INFORMATION SHOWN ▸
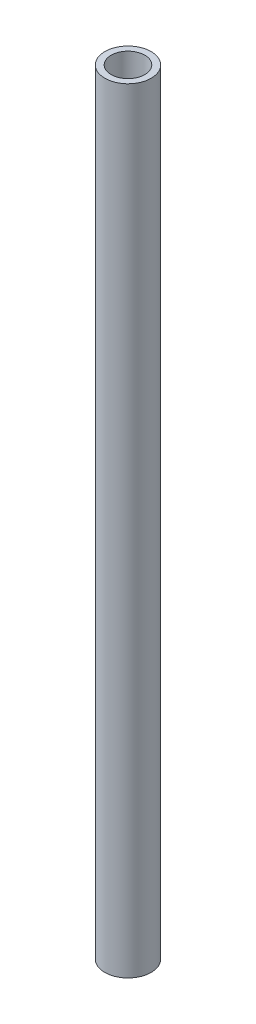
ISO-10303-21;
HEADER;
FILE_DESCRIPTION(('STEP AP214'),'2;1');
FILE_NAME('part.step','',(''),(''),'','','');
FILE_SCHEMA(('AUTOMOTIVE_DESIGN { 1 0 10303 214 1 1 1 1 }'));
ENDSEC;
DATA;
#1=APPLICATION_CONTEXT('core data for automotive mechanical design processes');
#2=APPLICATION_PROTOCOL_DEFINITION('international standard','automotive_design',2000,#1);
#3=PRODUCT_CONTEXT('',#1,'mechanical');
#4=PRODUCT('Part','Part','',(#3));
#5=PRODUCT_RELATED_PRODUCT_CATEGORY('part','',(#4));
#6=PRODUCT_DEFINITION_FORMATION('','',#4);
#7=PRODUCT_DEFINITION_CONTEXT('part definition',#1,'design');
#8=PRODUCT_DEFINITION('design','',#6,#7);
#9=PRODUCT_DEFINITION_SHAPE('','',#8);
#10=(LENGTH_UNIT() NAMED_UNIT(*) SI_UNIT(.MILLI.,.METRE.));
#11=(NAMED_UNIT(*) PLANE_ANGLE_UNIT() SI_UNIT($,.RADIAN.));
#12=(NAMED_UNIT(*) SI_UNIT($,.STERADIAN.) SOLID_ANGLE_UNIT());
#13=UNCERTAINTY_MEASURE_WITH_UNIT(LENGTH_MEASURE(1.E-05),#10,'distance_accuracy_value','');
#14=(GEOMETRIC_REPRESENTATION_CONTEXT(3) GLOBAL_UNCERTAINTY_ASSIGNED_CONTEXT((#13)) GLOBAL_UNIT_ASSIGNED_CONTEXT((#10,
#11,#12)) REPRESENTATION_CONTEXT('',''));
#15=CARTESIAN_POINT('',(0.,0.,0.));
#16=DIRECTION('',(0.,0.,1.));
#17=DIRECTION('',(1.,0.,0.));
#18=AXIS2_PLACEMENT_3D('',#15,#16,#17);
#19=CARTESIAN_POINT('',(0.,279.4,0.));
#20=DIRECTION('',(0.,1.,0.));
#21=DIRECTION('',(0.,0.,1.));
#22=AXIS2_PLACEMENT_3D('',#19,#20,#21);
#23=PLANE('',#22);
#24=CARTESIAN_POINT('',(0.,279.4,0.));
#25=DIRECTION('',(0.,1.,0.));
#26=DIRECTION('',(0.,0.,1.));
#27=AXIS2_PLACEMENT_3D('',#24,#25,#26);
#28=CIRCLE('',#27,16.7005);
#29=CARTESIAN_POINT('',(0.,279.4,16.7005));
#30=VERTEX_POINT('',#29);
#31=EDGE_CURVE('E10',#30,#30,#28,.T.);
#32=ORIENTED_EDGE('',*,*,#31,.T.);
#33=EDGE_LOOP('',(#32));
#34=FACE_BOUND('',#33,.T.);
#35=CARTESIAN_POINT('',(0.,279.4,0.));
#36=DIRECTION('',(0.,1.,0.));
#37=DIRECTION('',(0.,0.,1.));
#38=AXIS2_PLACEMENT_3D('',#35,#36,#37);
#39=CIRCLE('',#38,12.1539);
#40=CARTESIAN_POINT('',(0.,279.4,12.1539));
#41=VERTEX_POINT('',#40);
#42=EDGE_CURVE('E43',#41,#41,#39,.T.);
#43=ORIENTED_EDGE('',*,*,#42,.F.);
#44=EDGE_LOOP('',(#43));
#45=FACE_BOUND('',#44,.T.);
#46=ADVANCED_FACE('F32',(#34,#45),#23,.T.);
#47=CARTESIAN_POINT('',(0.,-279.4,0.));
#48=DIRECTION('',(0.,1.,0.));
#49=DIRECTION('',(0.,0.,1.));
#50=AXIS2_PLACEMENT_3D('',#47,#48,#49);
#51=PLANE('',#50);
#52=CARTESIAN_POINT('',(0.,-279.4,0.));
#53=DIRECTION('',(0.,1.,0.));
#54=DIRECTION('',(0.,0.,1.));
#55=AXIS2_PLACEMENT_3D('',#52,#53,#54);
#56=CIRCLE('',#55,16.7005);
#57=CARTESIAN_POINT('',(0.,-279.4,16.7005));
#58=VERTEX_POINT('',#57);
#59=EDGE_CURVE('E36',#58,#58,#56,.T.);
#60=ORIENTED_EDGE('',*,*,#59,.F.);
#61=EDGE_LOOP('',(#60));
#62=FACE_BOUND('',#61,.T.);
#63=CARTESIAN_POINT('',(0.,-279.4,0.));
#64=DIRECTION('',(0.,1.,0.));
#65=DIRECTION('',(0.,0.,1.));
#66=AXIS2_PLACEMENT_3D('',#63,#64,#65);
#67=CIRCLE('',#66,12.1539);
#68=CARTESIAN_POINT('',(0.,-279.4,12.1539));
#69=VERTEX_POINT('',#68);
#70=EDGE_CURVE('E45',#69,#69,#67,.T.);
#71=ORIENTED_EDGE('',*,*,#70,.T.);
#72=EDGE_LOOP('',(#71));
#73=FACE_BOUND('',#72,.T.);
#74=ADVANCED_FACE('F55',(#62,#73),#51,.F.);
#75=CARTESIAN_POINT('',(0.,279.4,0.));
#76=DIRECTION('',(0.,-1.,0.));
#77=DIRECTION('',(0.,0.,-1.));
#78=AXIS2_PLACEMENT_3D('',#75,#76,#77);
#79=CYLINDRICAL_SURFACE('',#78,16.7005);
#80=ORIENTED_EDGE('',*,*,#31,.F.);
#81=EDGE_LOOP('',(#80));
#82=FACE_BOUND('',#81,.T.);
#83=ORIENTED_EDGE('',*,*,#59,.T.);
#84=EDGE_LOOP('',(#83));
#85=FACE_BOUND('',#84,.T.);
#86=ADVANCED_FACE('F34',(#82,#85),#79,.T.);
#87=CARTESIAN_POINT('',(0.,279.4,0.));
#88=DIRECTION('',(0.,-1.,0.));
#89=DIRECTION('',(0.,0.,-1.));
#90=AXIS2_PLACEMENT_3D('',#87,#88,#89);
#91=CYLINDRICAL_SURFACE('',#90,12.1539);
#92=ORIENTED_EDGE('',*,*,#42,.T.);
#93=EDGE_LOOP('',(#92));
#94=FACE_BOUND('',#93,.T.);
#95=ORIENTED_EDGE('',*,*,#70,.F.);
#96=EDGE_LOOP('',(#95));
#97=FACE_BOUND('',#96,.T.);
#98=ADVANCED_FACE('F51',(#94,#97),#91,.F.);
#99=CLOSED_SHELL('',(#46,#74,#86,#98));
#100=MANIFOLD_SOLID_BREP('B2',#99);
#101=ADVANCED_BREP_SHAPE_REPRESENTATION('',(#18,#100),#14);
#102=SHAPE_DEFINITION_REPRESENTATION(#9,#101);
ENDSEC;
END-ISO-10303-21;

THE TASK ▸ Copy only the part of the records that runs from the first line to the line with "#1=APPLICATION_CONTEXT('core data for", ends included, leaving pictures out.

OUTPUT OF THE TASK ▸
ISO-10303-21;
HEADER;
FILE_DESCRIPTION(('STEP AP214'),'2;1');
FILE_NAME('part.step','',(''),(''),'','','');
FILE_SCHEMA(('AUTOMOTIVE_DESIGN { 1 0 10303 214 1 1 1 1 }'));
ENDSEC;
DATA;
#1=APPLICATION_CONTEXT('core data for automotive mechanical design processes');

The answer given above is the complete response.